Social Justice

Latinas and feminism go hand-in-hand in more ways than stereotypes allow

Latinas and feminism go hand-in-hand in more ways than stereotypes allow

LatinaLista -- There was a time among most Latinas that the term "feminism" evoked very mixed emotions. It was hard for those Latinas to take to the streets and burn their bras in protest for the dismissive treatment of women by society and then come home and, as tradition dictated, serve the men in the family.

Over time, the word evolved as did Latinas' attitudes toward it. Nowadays, there's no Latina who doesn't want respect, equal pay, equal opportunity, equal benefits and equal recognition. The notion that women should be submissive to their husbands, because the men demand it, is a bygone practice in the majority of Latino households.


Today, Latinas serve their husbands, fathers, sons, etc. because they want to -- not because they're expected to. And when they can't, most Latinos step up to the plate (pun intended) and help out.

It's a big difference from the way it used to be and there's one woman to thank for pushing the definition of what it meant to be a woman and what it didn't mean. Her name is Gloria Steinem and she is seen as the godmother of the feminist movement.

Tonight, at 9 p.m., HBO Documentaries airs the film "Gloria: In Her Own Words." The film looks at Gloria Steinem's life and career as a feminist and co-founder of 'Ms. Magazine.'

Yet, Steinem also founded another organization called Women's Media Center (WMC). In 2005, along with Jane Fonda, Steinem founded WMC with a specific objective:

To positively impact the visibility of women in the media, amplify women's voices on key issues in the national dialogue, fight sexism and bias against women in the media, and increase professional opportunities for women across all forms of media.

It's not often that an organization can celebrate watching a film made about one of its founders. As a tribute to Steinem, the WMC is organizing a series of activities to jumpstart an intergenerational discussion about the future of feminism.

From hosting house parties to watch the documentary; posting on the WMC Facebook wall what you want the future of feminism to look like; participating in the tweet-up (Use #gloria and #wmc) during tonight's premiere to participating in a live chat with Gloria Steinem the day after the documentary premiere on HBO Connect, the WMC wants to give women a platform in voicing their thoughts about the current state of women, as well as, learn more about Gloria Steinem.

An extra way the WMC is broadening the voices of women on the topic is by sponsoring a video contest.

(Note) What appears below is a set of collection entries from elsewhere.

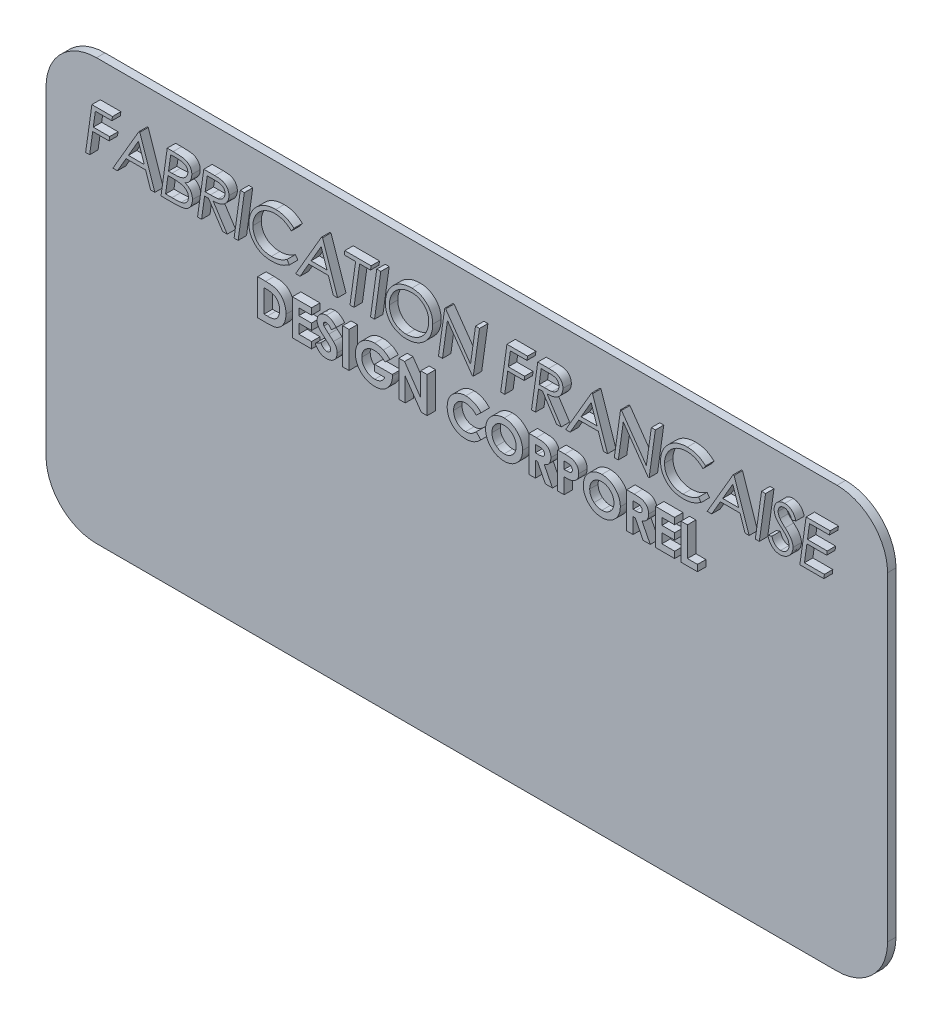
from build123d import *

# Parameters (mm, degrees)
EXTRUSION1_DEPTH = 0.5
EXTRUSION2_DEPTH = 0.5
ESQUISSE3_W      = 0.37991453
ESQUISSE3_H      = 2.116666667
EXTRUSION3_DEPTH = 0.5


with BuildPart() as part:
    # Esquisse1 → Extrusion1 (new body)
    with BuildSketch(Plane.XY):
        with BuildLine():
            Line((-22, -12.5), (22, -12.5))
            ThreePointArc((22, -12.5), (24.121320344, -11.621320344), (25, -9.5))
            Line((25, -9.5), (25, 9.5))
            ThreePointArc((25, 9.5), (24.121320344, 11.621320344), (22, 12.5))
            Line((22, 12.5), (-22, 12.5))
            ThreePointArc((-22, 12.5), (-24.121320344, 11.621320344), (-25, 9.5))
            Line((-25, 9.5), (-25, -9.5))
            ThreePointArc((-25, -9.5), (-24.121320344, -11.621320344), (-22, -12.5))
        make_face()
    extrude(amount=EXTRUSION1_DEPTH)

    # Esquisse2 → Extrusion2 (add)
    # profile 1 of 20: a face of its own
    with BuildSketch(Plane.XY.offset(0.5)):
        Polygon((-20.552369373, 10.449882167), (-20.584700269, 10.212435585), (-21.569997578, 10.212435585), (-21.694021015, 9.330491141), (-20.721974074, 9.330491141), (-20.75430497, 9.09304456), (-21.726881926, 9.09304456), (-21.907616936, 7.804048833), (-22.146653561, 7.804048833), (-21.775643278, 10.449882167), align=None)
    # profile 2 of 20: a face of its own
    with BuildSketch(Plane.XY.offset(0.5)):
        Polygon((-18.927344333, 10.449882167), (-18.033739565, 7.804048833), (-18.282316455, 7.804048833), (-18.580714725, 8.685993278), (-19.745157, 8.685993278), (-20.257681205, 7.804048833), (-20.526928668, 7.804048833), (-18.988296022, 10.449882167), align=None)
        Polygon((-19.008966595, 9.953258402), (-19.60735318, 8.923439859), (-18.661276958, 8.923439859), align=None, mode=Mode.SUBTRACT)
    # profile 3 of 20: a face of its own
    with BuildSketch(Plane.XY.offset(0.5)):
        with BuildLine():
            Line((-17.298079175, 10.449882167), (-16.946149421, 10.449882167))
            add(Edge.make_bspline(
                [(-16.946149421, 10.449882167), (-16.904630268, 10.449647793), (-16.825293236, 10.44919994), (-16.711489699, 10.446687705), (-16.608092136, 10.442090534), (-16.515148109, 10.435163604), (-16.432696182, 10.42710419), (-16.360941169, 10.416388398), (-16.299357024, 10.404801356), (-16.23196021, 10.385986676), (-16.158510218, 10.35511157), (-16.07857441, 10.308563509), (-16.00886853, 10.248721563), (-15.958271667, 10.190777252), (-15.923416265, 10.139927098), (-15.900352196, 10.099706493), (-15.880591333, 10.057790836), (-15.864852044, 10.013899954), (-15.85259256, 9.968318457), (-15.843569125, 9.921220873), (-15.838132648, 9.872294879), (-15.837618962, 9.839142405), (-15.837358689, 9.822344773)],
                knots=[0, 0, 0, 0, 1.713639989, 3.274515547, 4.697934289, 5.984790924, 7.121028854, 8.116168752, 8.97848632, 9.705660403, 11.000241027, 12.255790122, 13.507819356, 14.774100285, 15.41929254, 16.049687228, 16.685791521, 17.329333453, 17.971427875, 18.63213285, 19.30693169, 20, 20, 20, 20], degree=3))
            add(Edge.make_bspline(
                [(-15.837358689, 9.822344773), (-15.838606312, 9.787426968), (-15.841054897, 9.718897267), (-15.862633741, 9.619354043), (-15.896506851, 9.525130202), (-15.944987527, 9.438403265), (-16.003769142, 9.359383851), (-16.074482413, 9.292881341), (-16.153284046, 9.236088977), (-16.212415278, 9.209719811), (-16.242289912, 9.196397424)],
                knots=[0, 0, 0, 0, 1.056823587, 2.074122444, 3.071567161, 4.080224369, 5.073740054, 6.042992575, 7.011269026, 8, 8, 8, 8], degree=3))
            add(Edge.make_bspline(
                [(-16.242289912, 9.196397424), (-16.225598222, 9.190070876), (-16.192645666, 9.177581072), (-16.145095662, 9.155343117), (-16.100810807, 9.129284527), (-16.058826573, 9.100434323), (-16.019974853, 9.068183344), (-15.983337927, 9.033152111), (-15.950840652, 8.993974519), (-15.919882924, 8.95291494), (-15.89238068, 8.908950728), (-15.868603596, 8.862802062), (-15.84814147, 8.814691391), (-15.831942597, 8.764440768), (-15.819106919, 8.712370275), (-15.810302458, 8.658305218), (-15.804039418, 8.602397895), (-15.803639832, 8.564284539), (-15.803437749, 8.54500937)],
                knots=[0, 0, 0, 0, 1.018067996, 2.009858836, 2.989905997, 3.945980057, 4.912461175, 5.86747234, 6.832691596, 7.812272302, 8.799341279, 9.786461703, 10.771006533, 11.778091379, 12.794911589, 13.827097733, 14.901092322, 16, 16, 16, 16], degree=3))
            add(Edge.make_bspline(
                [(-15.803437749, 8.54500937), (-15.803623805, 8.525203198), (-15.803988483, 8.486382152), (-15.810394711, 8.429255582), (-15.819061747, 8.374120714), (-15.831815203, 8.320949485), (-15.848301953, 8.270174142), (-15.867907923, 8.221253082), (-15.891934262, 8.174860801), (-15.927550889, 8.115933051), (-15.979619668, 8.048593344), (-16.053532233, 7.9795857), (-16.137482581, 7.922796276), (-16.21552635, 7.885201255), (-16.285904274, 7.861245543), (-16.348255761, 7.846349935), (-16.419386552, 7.833234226), (-16.499314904, 7.822211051), (-16.588086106, 7.813842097), (-16.685680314, 7.808349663), (-16.792060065, 7.804436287), (-16.865936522, 7.804181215), (-16.90427826, 7.804048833)],
                knots=[0, 0, 0, 0, 0.779883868, 1.52860976, 2.262135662, 2.977977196, 3.68018566, 4.363971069, 5.051959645, 5.735993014, 7.075426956, 8.390346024, 9.703181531, 11.054374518, 11.789582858, 12.628635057, 13.577470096, 14.638659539, 15.806428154, 17.08949324, 18.489452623, 20, 20, 20, 20], degree=3))
            Line((-16.90427826, 7.804048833), (-17.669089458, 7.804048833))
            Line((-17.669089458, 7.804048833), (-17.298079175, 10.449882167))
        make_face()
        with BuildLine():
            Line((-17.092433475, 10.212435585), (-17.220167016, 9.303460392))
            add(Edge.make_bspline(
                [(-17.220167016, 9.303460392), (-17.189260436, 9.301389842), (-17.122909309, 9.296944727), (-17.05640687, 9.296700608), (-17.020881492, 9.296570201)],
                knots=[0, 0, 0, 0, 0.931606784, 2, 2, 2, 2], degree=3))
            add(Edge.make_bspline(
                [(-17.020881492, 9.296570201), (-16.988903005, 9.296815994), (-16.927231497, 9.297290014), (-16.838145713, 9.299708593), (-16.755813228, 9.304673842), (-16.680450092, 9.310556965), (-16.612080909, 9.319297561), (-16.550608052, 9.328943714), (-16.495951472, 9.341142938), (-16.433254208, 9.358984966), (-16.363602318, 9.387358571), (-16.289405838, 9.430399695), (-16.224637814, 9.48163812), (-16.171098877, 9.541463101), (-16.127921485, 9.606729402), (-16.097594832, 9.676759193), (-16.077777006, 9.749704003), (-16.075800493, 9.799780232), (-16.07480527, 9.824994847)],
                knots=[0, 0, 0, 0, 1.258421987, 2.426905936, 3.50630935, 4.503965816, 5.400770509, 6.217970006, 6.951680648, 7.602963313, 8.781660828, 9.900119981, 10.968496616, 12.016986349, 13.046684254, 14.033527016, 15.009832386, 16, 16, 16, 16], degree=3))
            add(Edge.make_bspline(
                [(-16.07480527, 9.824994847), (-16.075385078, 9.841266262), (-16.076506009, 9.872723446), (-16.083120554, 9.918422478), (-16.095827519, 9.960529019), (-16.111590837, 10.000091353), (-16.134156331, 10.035555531), (-16.160696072, 10.06791488), (-16.191689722, 10.097580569), (-16.228761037, 10.123568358), (-16.273796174, 10.14636229), (-16.328708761, 10.165526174), (-16.394274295, 10.181497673), (-16.470193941, 10.195192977), (-16.55691815, 10.20551803), (-16.654359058, 10.212722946), (-16.762729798, 10.216785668), (-16.838552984, 10.217408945), (-16.878307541, 10.217735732)],
                knots=[0, 0, 0, 0, 0.770982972, 1.490525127, 2.17903608, 2.850400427, 3.500570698, 4.160574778, 4.829431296, 5.525930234, 6.296867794, 7.212684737, 8.274122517, 9.490350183, 10.864547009, 12.408691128, 14.117054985, 16, 16, 16, 16], degree=3))
            add(Edge.make_bspline(
                [(-16.878307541, 10.217735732), (-16.893500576, 10.217527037), (-16.925653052, 10.217085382), (-16.976559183, 10.217067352), (-17.032711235, 10.21431115), (-17.071937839, 10.213079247), (-17.092433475, 10.212435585)],
                knots=[0, 0, 0, 0, 0.851215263, 1.80139636, 2.851244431, 4, 4, 4, 4], degree=3))
        make_face(mode=Mode.SUBTRACT)
        with BuildLine():
            Line((-17.254617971, 9.05912362), (-17.396661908, 8.041495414))
            Line((-17.396661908, 8.041495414), (-17.015581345, 8.041495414))
            add(Edge.make_bspline(
                [(-17.015581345, 8.041495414), (-16.983779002, 8.041566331), (-16.922643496, 8.041702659), (-16.834843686, 8.043582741), (-16.754594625, 8.04517595), (-16.682183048, 8.049265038), (-16.617461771, 8.053081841), (-16.560784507, 8.058665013), (-16.511660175, 8.063814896), (-16.48182852, 8.069579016), (-16.46807617, 8.072236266)],
                knots=[0, 0, 0, 0, 1.390128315, 2.672325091, 3.838879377, 4.898285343, 5.842492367, 6.672434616, 7.387994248, 8, 8, 8, 8], degree=3))
            add(Edge.make_bspline(
                [(-16.46807617, 8.072236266), (-16.451066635, 8.076291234), (-16.41769117, 8.084247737), (-16.369693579, 8.099016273), (-16.324616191, 8.115978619), (-16.283173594, 8.135631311), (-16.24421532, 8.15661913), (-16.209623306, 8.181334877), (-16.1772386, 8.207192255), (-16.148747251, 8.236042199), (-16.122868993, 8.266740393), (-16.101431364, 8.300351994), (-16.082632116, 8.335543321), (-16.067130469, 8.372746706), (-16.055503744, 8.412418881), (-16.047238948, 8.454110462), (-16.041592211, 8.497861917), (-16.041123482, 8.527677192), (-16.04088433, 8.542889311)],
                knots=[0, 0, 0, 0, 1.20370812, 2.361870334, 3.455300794, 4.51645333, 5.518362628, 6.49696157, 7.439279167, 8.368233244, 9.284032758, 10.198376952, 11.107120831, 12.028798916, 12.967891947, 13.94837913, 14.953237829, 16, 16, 16, 16], degree=3))
            add(Edge.make_bspline(
                [(-16.04088433, 8.542889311), (-16.04180742, 8.569650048), (-16.043599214, 8.621594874), (-16.060112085, 8.695944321), (-16.088253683, 8.763130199), (-16.120614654, 8.813448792), (-16.152773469, 8.849300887), (-16.179595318, 8.875814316), (-16.211363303, 8.89893818), (-16.245182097, 8.922539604), (-16.283719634, 8.942540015), (-16.325047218, 8.962498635), (-16.370269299, 8.980364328), (-16.419418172, 8.996899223), (-16.4733052, 9.01193751), (-16.53303188, 9.024323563), (-16.598721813, 9.035733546), (-16.67097464, 9.043714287), (-16.749260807, 9.050548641), (-16.833715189, 9.056102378), (-16.924406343, 9.058363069), (-16.986960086, 9.058864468), (-17.019291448, 9.05912362)],
                knots=[0, 0, 0, 0, 1.286382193, 2.496975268, 3.639964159, 4.776391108, 5.354547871, 5.955741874, 6.586497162, 7.241915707, 7.937968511, 8.671820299, 9.450019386, 10.275265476, 11.166193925, 12.139859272, 13.208926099, 14.372962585, 15.635875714, 16.990120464, 18.444321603, 20, 20, 20, 20], degree=3))
            Line((-17.019291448, 9.05912362), (-17.254617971, 9.05912362))
        make_face(mode=Mode.SUBTRACT)
    # profile 4 of 20: a face of its own
    with BuildSketch(Plane.XY.offset(0.5)):
        with BuildLine():
            Line((-15.127139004, 10.449882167), (-14.472040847, 10.449882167))
            add(Edge.make_bspline(
                [(-14.472040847, 10.449882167), (-14.443945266, 10.449713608), (-14.38967841, 10.449388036), (-14.311583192, 10.445939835), (-14.239562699, 10.44171503), (-14.174040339, 10.433955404), (-14.114284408, 10.425478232), (-14.061094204, 10.41371518), (-14.013846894, 10.400708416), (-13.959697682, 10.380286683), (-13.898777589, 10.348472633), (-13.833292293, 10.300077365), (-13.775147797, 10.241761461), (-13.725081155, 10.17436446), (-13.683235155, 10.099702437), (-13.653626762, 10.017930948), (-13.635597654, 9.930194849), (-13.633549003, 9.869781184), (-13.632497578, 9.838775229)],
                knots=[0, 0, 0, 0, 1.135235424, 2.192716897, 3.158659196, 4.049554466, 4.858312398, 5.596287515, 6.249404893, 6.836824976, 7.932117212, 9.014466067, 10.114981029, 11.247271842, 12.39767117, 13.560848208, 14.748160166, 16, 16, 16, 16], degree=3))
            add(Edge.make_bspline(
                [(-13.632497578, 9.838775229), (-13.633694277, 9.804551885), (-13.636069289, 9.736631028), (-13.659096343, 9.637120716), (-13.694673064, 9.541200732), (-13.744590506, 9.450544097), (-13.806108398, 9.366941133), (-13.879188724, 9.293439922), (-13.96249456, 9.230680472), (-14.040655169, 9.189263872), (-14.107977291, 9.16076717), (-14.16336941, 9.14335315), (-14.22202517, 9.126872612), (-14.285102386, 9.115352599), (-14.351661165, 9.104897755), (-14.422295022, 9.098390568), (-14.496542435, 9.094000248), (-14.54729597, 9.093368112), (-14.573273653, 9.09304456)],
                knots=[0, 0, 0, 0, 1.212475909, 2.406322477, 3.604324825, 4.83292766, 6.065250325, 7.275244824, 8.497515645, 9.751142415, 10.403020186, 11.088849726, 11.80956709, 12.563116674, 13.361820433, 14.199444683, 15.078403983, 16, 16, 16, 16], degree=3))
            Line((-14.573273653, 9.09304456), (-13.734260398, 7.804048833))
            Line((-13.734260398, 7.804048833), (-14.00562792, 7.804048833))
            Line((-14.00562792, 7.804048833), (-14.844641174, 9.09304456))
            Line((-14.844641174, 9.09304456), (-15.078377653, 9.09304456))
            Line((-15.078377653, 9.09304456), (-15.259112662, 7.804048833))
            Line((-15.259112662, 7.804048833), (-15.498149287, 7.804048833))
            Line((-15.498149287, 7.804048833), (-15.127139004, 10.449882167))
        make_face()
        with BuildLine():
            Line((-14.921493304, 10.212435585), (-15.044986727, 9.330491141))
            Line((-15.044986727, 9.330491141), (-14.730158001, 9.330491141))
            add(Edge.make_bspline(
                [(-14.730158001, 9.330491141), (-14.702243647, 9.33063481), (-14.648886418, 9.330909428), (-14.572731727, 9.331817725), (-14.504162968, 9.333821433), (-14.443222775, 9.33716463), (-14.389628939, 9.340512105), (-14.343715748, 9.345449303), (-14.305211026, 9.35020488), (-14.282446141, 9.355254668), (-14.272225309, 9.35752189)],
                knots=[0, 0, 0, 0, 1.458162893, 2.787223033, 3.978296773, 5.04104012, 5.975374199, 6.782555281, 7.453399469, 8, 8, 8, 8], degree=3))
            add(Edge.make_bspline(
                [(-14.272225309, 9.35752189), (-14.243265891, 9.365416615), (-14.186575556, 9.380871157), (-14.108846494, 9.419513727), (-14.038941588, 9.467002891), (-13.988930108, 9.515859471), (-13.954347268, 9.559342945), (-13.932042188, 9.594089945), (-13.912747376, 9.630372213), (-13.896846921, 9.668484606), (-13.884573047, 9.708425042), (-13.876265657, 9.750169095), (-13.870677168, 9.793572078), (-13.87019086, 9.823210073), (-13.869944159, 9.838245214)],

Submit a 2-minute video telling us what you want the future of feminism to look like and what you're going to do to make it happen. The winner of the contest will have a private 10-minute phone conversation with Gloria Steinem and the winning video will be featured on the Women's Media Center Website.

In an interview with HBO about her documentary, Steinem was asked:

HBO: You've said, "I wasn't crazy, the system was crazy." Is the system still crazy?

Gloria Steinem: In a general way, the system is still crazy. But thanks to social justice movements, and years of hard work, there has been positive change.


The system is less crazy because there are more accurate laws, and terminology; you no longer have to have somebody standing there watching you get raped, and willing to testify, in order to be credible. There are laws about sexual harassment which didn't even exist as a word; it was just called "life."

There certainly has been progress. But we still are in an overall structure that punishes invasion of private property more than the invasion of people's bodies. We still think you can reach a peaceful end by a violent means, which is rarely the case. People's fate is stil way too much determined by group of birth, and too little by unqiueness and individual talent.